- [MATERIAL PROVIDED]:
------------------------------------

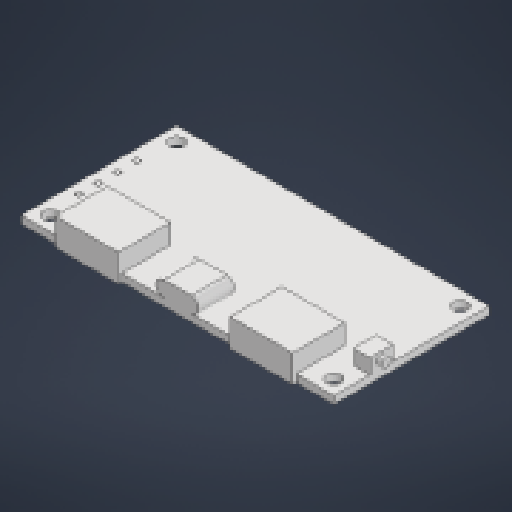
# Autodesk Inventor part: circuit board
Saved by Autodesk Inventor 2026.2 (Build 302298010, 298A)
## iProperties
Created: 2026-03-13
Part Number: circuit board
Material: 一般
Document SubType Name: Modeling
Designer: gavin
Density: 1 g/cm^3
Appearance: 預設
Author: gavin
Autodesk Inventor part; units mm, degrees
ref_plane "YZ Plane" through (0, 0, 0) normal (1, 0, 0) x (0, 1, 0)
ref_plane "XZ Plane" through (0, 0, 0) normal (0, 1, 0) x (-1, 0, 0)
ref_plane "XY Plane" through (0, 0, 0) normal (0, 0, 1) x (1, 0, 0)
sketch "草圖1" plane through (0, 0, 0) normal (0, 1, 0) x (-1, 0, 0)
  line L0 (0, 0) -> (-65, 0)
  line L1 (-65, 0) -> (-65, -32.3)
  line L2 (-65, -32.3) -> (0, -32.3)
  line L3 (0, -32.3) -> (0, 0)
  circle A0 centre (-3, -3) radius 1.5
  circle A1 centre (-3, -29.3) radius 1.5
  circle A2 centre (-62, -3) radius 1.5
  circle A3 centre (-62, -29.3) radius 1.5
  dimension "d0" = 65
  dimension "d1" = 32.3
  dimension "d4" = 3
  dimension "d5" = 3
  dimension "d6" = 3
  dimension "d7" = 3
  dimension "d8" = 3
  dimension "d9" = 3
  dimension "d10" = 3
  dimension "d11" = 3
  dimension "d12" = 3
  dimension "d13" = 3
  dimension "d14" = 3
  dimension "d15" = 3
  constraints: 8 end point, 4 centre point, 2 parallel, 1 horizontal, 1 perpendicular
  measures "d0" distance of L2.end L1.end
  measures "d1" distance of L1.end L0.end
  measures "d4" diameter of A0
  measures "d5" distance from line of L3 A0.centre
  measures "d6" distance from line of L0 A0.centre
  measures "d7" diameter of A1
  measures "d8" diameter of A2
  measures "d9" diameter of A3
  measures "d10" distance from line of L1 A2.centre
  measures "d11" distance from line of L0 A2.centre
  measures "d12" distance from line of L2 A3.centre
  measures "d13" distance from line of L1 A3.centre
  measures "d14" distance from line of L3 A1.centre
  measures "d15" distance from line of L2 A1.centre
extrude "擠出1" add sketch "草圖1" along normal blind 1.6
sketch "草圖2" plane through (0, 0, 0) normal (0, 0, 1) x (1, 0, 0)
  line L0 (0, 0) -> (65, 0) projected
  line L1 (65, 0) -> (65, 1.6) projected
  line L2 (0, 1.6) -> (65, 1.6) projected
  line L3 (0, 0) -> (0, 1.6) projected
  line L4 (7.88, 0) -> (20.91, 0)
  line L5 (20.91, 0) -> (20.91, 5.7)
  line L6 (20.91, 5.7) -> (7.88, 5.7)
  line L7 (7.88, 5.7) -> (7.88, 0)
  line L8 (44.09, 0) -> (57.12, 0)
  line L9 (57.12, 0) -> (57.12, 5.7)
  line L10 (57.12, 5.7) -> (44.09, 5.7)
  line L11 (44.09, 5.7) -> (44.09, 0)
  point P0 (44.09, 1.6)
  point P1 (57.12, 1.6)
  dimension "d16" = 13.03
  dimension "d17" = 5.7
  dimension "d18" = 13.03
  dimension "d19" = 5.7
  dimension "d20" = 7.88
  dimension "d21" = 7.88
  constraints: 16 end point, 4 parallel, 2 horizontal, 2 perpendicular, 2 point on line
  measures "d16" distance of L5.end L6.end
  measures "d17" distance between parallel lines of L0 L6
  measures "d18" distance of L9.end L10.end
  measures "d19" distance of L10.end L8.start
  measures "d20" distance between parallel lines of L3 L7
  measures "d21" distance between parallel lines of L1 L9
extrude "擠出2" add sketch "草圖2" along normal blind 0.7 contours L7 L2 L5 L0 | L7 L6 L5 L2 | L11 L2 L9 L0 | L11 L10 L9 L2
sketch "草圖3" plane through (0, 0, 0) normal (0, 0, -1) x (-1, 0, 0)
  line L0 (-7.88, 1.6) -> (-20.91, 1.6) projected
  line L1 (-7.88, 5.7) -> (-7.88, 1.6) projected
  line L2 (-20.91, 5.7) -> (-7.88, 5.7) projected
  line L3 (-20.91, 1.6) -> (-20.91, 5.7) projected
  line L4 (-57.12, 5.7) -> (-44.09, 5.7) projected
  line L5 (-44.09, 5.7) -> (-44.09, 1.6) projected
  line L6 (-57.12, 5.7) -> (-44.09, 5.7) projected
  line L7 (-57.12, 1.6) -> (-57.12, 5.7) projected
  line L8 (-7.88, 1.6) -> (-20.91, 1.6) projected
  line L9 (-7.88, 5.7) -> (-7.88, 1.6) projected
  line L10 (-20.91, 5.7) -> (-7.88, 5.7) projected
  line L11 (-20.91, 1.6) -> (-20.91, 5.7) projected
  line L12 (-44.09, 1.6) -> (-57.12, 1.6) projected
  point P0 (0, 0)
extrude "擠出3" add sketch "草圖3" along normal blind 10.1
sketch "草圖4" plane through (65, 0, 0) normal (0, 0, 1) x (1, 0, 0)
  line L0 (-44.09, 1.6) -> (-44.09, 0) projected
  line L1 (-65, 0) -> (-57.12, 0) projected
  line L2 (0, 0) -> (0, 1.6) projected
  line L3 (-7.88, 1.6) -> (0, 1.6) projected
  line L4 (-65, 1.6) -> (-57.12, 1.6) projected
  line L5 (-44.09, 1.6) -> (-20.91, 1.6) projected
  line L6 (-35.37, 1.6) -> (-29.63, 1.6)
  line L7 (-28.03, 3.2) -> (-28.03, 3.2)
  line L8 (-29.63, 4.8) -> (-35.37, 4.8)
  line L9 (-36.97, 3.2) -> (-36.97, 3.2)
  arc A0 (-35.37, 4.8) -> (-36.97, 3.2) centre (-35.37, 3.2) ccw
  arc A1 (-36.97, 3.2) -> (-35.37, 1.6) centre (-35.37, 3.2) ccw
  arc A2 (-29.63, 1.6) -> (-28.03, 3.2) centre (-29.63, 3.2) ccw
  arc A3 (-28.03, 3.2) -> (-29.63, 4.8) centre (-29.63, 3.2) ccw
  line L10 (0, 0) -> (-65, 0) projected
  line L11 (-57.12, 0) -> (-57.12, 1.6) projected
  line L12 (-65, 0) -> (-65, 1.6) projected
  line L13 (-44.09, 0) -> (-20.91, 0) projected
  line L14 (-20.91, 0) -> (-20.91, 1.6) projected
  line L15 (-7.88, 1.6) -> (-7.88, 0) projected
  line L16 (-7.88, 0) -> (0, 0) projected
  point P0 (-36.97, 1.6)
  point P1 (-28.03, 4.8)
  point P2 (-28.03, 1.6)
  point P3 (-36.97, 4.8)
  point P4 (-32.5, 4.8)
  point P5 (-32.5, 0)
  point P6 (-35.37, 1.6)
  point P7 (-29.63, 1.6)
  dimension "d26" = 8.94
  dimension "d27" = 3.2
  dimension "d28" = 1.6
  constraints: 9 point on line, 8 end point, 8 point on circle, 8 tangent, 4 centre point, 3 equal radius, 2 midpoint, 2 parallel, 1 horizontal, 1 perpendicular, 1 vertical alignment
  measures "d26" distance of point (-28.03, 4.8) point (-36.97, 4.8)
  measures "d27" distance of point (-28.03, 1.6) point (-28.03, 4.8)
  measures "d28" radius of A0
extrude "擠出4" add sketch "草圖4" against normal blind 7.4 contours A1 A0 L8 A3 A2 L5
sketch "草圖5" plane through (65, 0, 0) normal (1, 0, 0) x (0, 0, -1)
  line L0 (0, 0) -> (32.3, 0) projected
  line L1 (32.3, 0) -> (32.3, 1.6) projected
  line L2 (0, 1.6) -> (32.3, 1.6) projected
  line L3 (0, 0) -> (0, 1.6) projected
  line L4 (7.5, 1.6) -> (12.2, 1.6)
  line L5 (12.2, 1.6) -> (12.2, 4.7)
  line L6 (12.2, 4.7) -> (7.5, 4.7)
  line L7 (7.5, 4.7) -> (7.5, 1.6)
  dimension "d31" = 4.7
  dimension "d32" = 3.1
  dimension "d33" = 7.5
  constraints: 8 end point, 2 parallel, 1 horizontal, 1 perpendicular, 1 point on line
  measures "d31" distance of L6.end L5.end
  measures "d32" distance of L5.end L4.end
  measures "d33" distance between parallel lines of L3 L7
extrude "擠出5" add sketch "草圖5" against normal blind 3.4 contours L7 L6 L5 L2
sketch "草圖6" plane through (65, 0, 0) normal (1, 0, 0) x (0, 0, -1)
  line L0 (0, 0) -> (32.3, 0) projected
  line L1 (32.3, 0) -> (32.3, 1.6) projected
  line L2 (12.2, 1.6) -> (32.3, 1.6) projected
  line L3 (12.2, 1.6) -> (12.2, 4.7) projected
  line L4 (12.2, 4.7) -> (7.5, 4.7) projected
  line L5 (7.5, 4.7) -> (7.5, 1.6) projected
  line L6 (0, 1.6) -> (7.5, 1.6) projected
  line L7 (0, 0) -> (0, 1.6) projected
  line L8 (7.5, 1.6) -> (12.2, 1.6)
  circle A0 centre (9.85, 3.19) radius 0.95
  dimension "d36" = 1.9
  constraints: 2 end point, 1 centre point, 1 horizontal
  measures "d36" diameter of A0
extrude "擠出6" add sketch "草圖6" along normal blind 1 contours A0
sketch "草圖7" plane through (0, 1.6, 0) normal (0, 1, 0) x (1, 0, 0)
  circle A0 centre (62, 29.3) radius 1.5 projected
  circle A1 centre (62, 3) radius 1.5 projected
  circle A2 centre (3, 29.3) radius 1.5 projected
  circle A3 centre (3, 3) radius 1.5 projected
  line L0 (65, 7.5) -> (61.6, 7.5) projected
  line L1 (61.6, 7.5) -> (61.6, 12.2) projected
  line L2 (61.6, 12.2) -> (65, 12.2) projected
  line L3 (65, 12.2) -> (65, 32.3) projected
  line L4 (65, 32.3) -> (0, 32.3) projected
  line L5 (0, 32.3) -> (0, 0) projected
  line L6 (0, 0) -> (7.88, 0) projected
  line L7 (7.88, 0) -> (7.88, 10.1) projected
  line L8 (7.88, 10.1) -> (20.91, 10.1) projected
  line L9 (20.91, 10.1) -> (20.91, 0) projected
  line L10 (20.91, 0) -> (29.63, 0) projected
  line L11 (29.63, 0) -> (29.63, 7.4) projected
  line L12 (29.63, 7.4) -> (35.37, 7.4) projected
  line L13 (35.37, 0) -> (35.37, 7.4) projected
  line L14 (35.37, 0) -> (44.09, 0) projected
  line L15 (44.09, 0) -> (44.09, 10.1) projected
  line L16 (44.09, 10.1) -> (57.12, 10.1) projected
  line L17 (57.12, 10.1) -> (57.12, 0) projected
  line L18 (57.12, 0) -> (65, 0) projected
  line L19 (65, 0) -> (65, 7.5) projected
  line L20 (1.8, 22.24) -> (2.8, 22.24)
  line L21 (2.8, 22.24) -> (2.8, 21.24)
  line L22 (2.8, 21.24) -> (1.8, 21.24)
  line L23 (1.8, 21.24) -> (1.8, 22.24)
  line L24 (1.8, 22.24) -> (2.8, 21.24) construction
  line L25 (2.8, 22.24) -> (1.8, 21.24) construction
  line L26 (1.8, 10.24) -> (2.8, 10.24)
  line L27 (2.8, 10.24) -> (2.8, 9.24)
  line L28 (2.8, 9.24) -> (1.8, 9.24)
  line L29 (1.8, 9.24) -> (1.8, 10.24)
  line L30 (1.8, 10.24) -> (2.8, 9.24) construction
  line L31 (2.8, 10.24) -> (1.8, 9.24) construction
  line L32 (1.8, 14.24) -> (2.8, 14.24)
  line L33 (2.8, 14.24) -> (2.8, 13.24)
  line L34 (2.8, 13.24) -> (1.8, 13.24)
  line L35 (1.8, 13.24) -> (1.8, 14.24)
  line L36 (1.8, 14.24) -> (2.8, 13.24) construction
  line L37 (2.8, 14.24) -> (1.8, 13.24) construction
  line L38 (1.8, 17.24) -> (2.8, 17.24)
  line L39 (2.8, 17.24) -> (2.8, 18.24)
  line L40 (2.8, 18.24) -> (1.8, 18.24)
  line L41 (1.8, 18.24) -> (1.8, 17.24)
  line L42 (1.8, 17.24) -> (2.8, 18.24) construction
  line L43 (2.8, 17.24) -> (1.8, 18.24) construction
  point P0 (2.3, 21.74)
  point P1 (2.3, 9.74)
  point P2 (2.3, 13.74)
  point P3 (2.3, 17.74)
  point P4 (2.3, 17.24)
  dimension "d39" = 1
  dimension "d40" = 1
  dimension "d41" = 1
  dimension "d42" = 1
  dimension "d43" = 1
  dimension "d44" = 1
  dimension "d45" = 1
  dimension "d46" = 1
  dimension "d47" = 2.3
  dimension "d48" = 10.56
  dimension "d55" = 4
  dimension "d56" = 4
  dimension "d57" = 4
  constraints: 48 end point, 9 midpoint, 8 parallel, 4 horizontal, 4 perpendicular, 3 vertical alignment
  measures "d39" distance of L21.end L22.end
  measures "d40" distance of L20.end L21.end
  measures "d41" distance of L27.end L28.end
  measures "d42" distance of L26.end L27.end
  measures "d43" distance of L33.end L34.end
  measures "d44" distance of L32.end L33.end
  measures "d45" distance of L40.end L39.end
  measures "d46" distance of L39.end L38.end
  measures "d47" distance from line of L5 point (2.3, 21.74)
  measures "d48" distance from line of L4 point (2.3, 21.74)
  measures "d55" distance of point (2.3, 17.74) point (2.3, 21.74)
  measures "d56" distance of point (2.3, 13.74) point (2.3, 17.74)
  measures "d57" distance of point (2.3, 9.74) point (2.3, 13.74)
extrude "擠出7" add sketch "草圖7" along normal blind 0.1 contours L20 L21 L22 L23 | L26 L27 L28 L29 | L32 L33 L34 L35 | L41 L40 L39 L38
equation "\"d18\" = d16"
equation "\"d19\" = d17"
equation "\"d21\" = d20"

------------------------------------

- [TASK GOAL]: Copy back the listing above exactly, but only from the line with "Designer: gavin" through the line with "of L2 A3.centre", both ends included.

- [THE COMPLETED TASK]:
Designer: gavin
Density: 1 g/cm^3
Appearance: 預設
Author: gavin
Autodesk Inventor part; units mm, degrees
ref_plane "YZ Plane" through (0, 0, 0) normal (1, 0, 0) x (0, 1, 0)
ref_plane "XZ Plane" through (0, 0, 0) normal (0, 1, 0) x (-1, 0, 0)
ref_plane "XY Plane" through (0, 0, 0) normal (0, 0, 1) x (1, 0, 0)
sketch "草圖1" plane through (0, 0, 0) normal (0, 1, 0) x (-1, 0, 0)
  line L0 (0, 0) -> (-65, 0)
  line L1 (-65, 0) -> (-65, -32.3)
  line L2 (-65, -32.3) -> (0, -32.3)
  line L3 (0, -32.3) -> (0, 0)
  circle A0 centre (-3, -3) radius 1.5
  circle A1 centre (-3, -29.3) radius 1.5
  circle A2 centre (-62, -3) radius 1.5
  circle A3 centre (-62, -29.3) radius 1.5
  dimension "d0" = 65
  dimension "d1" = 32.3
  dimension "d4" = 3
  dimension "d5" = 3
  dimension "d6" = 3
  dimension "d7" = 3
  dimension "d8" = 3
  dimension "d9" = 3
  dimension "d10" = 3
  dimension "d11" = 3
  dimension "d12" = 3
  dimension "d13" = 3
  dimension "d14" = 3
  dimension "d15" = 3
  constraints: 8 end point, 4 centre point, 2 parallel, 1 horizontal, 1 perpendicular
  measures "d0" distance of L2.end L1.end
  measures "d1" distance of L1.end L0.end
  measures "d4" diameter of A0
  measures "d5" distance from line of L3 A0.centre
  measures "d6" distance from line of L0 A0.centre
  measures "d7" diameter of A1
  measures "d8" diameter of A2
  measures "d9" diameter of A3
  measures "d10" distance from line of L1 A2.centre
  measures "d11" distance from line of L0 A2.centre
  measures "d12" distance from line of L2 A3.centre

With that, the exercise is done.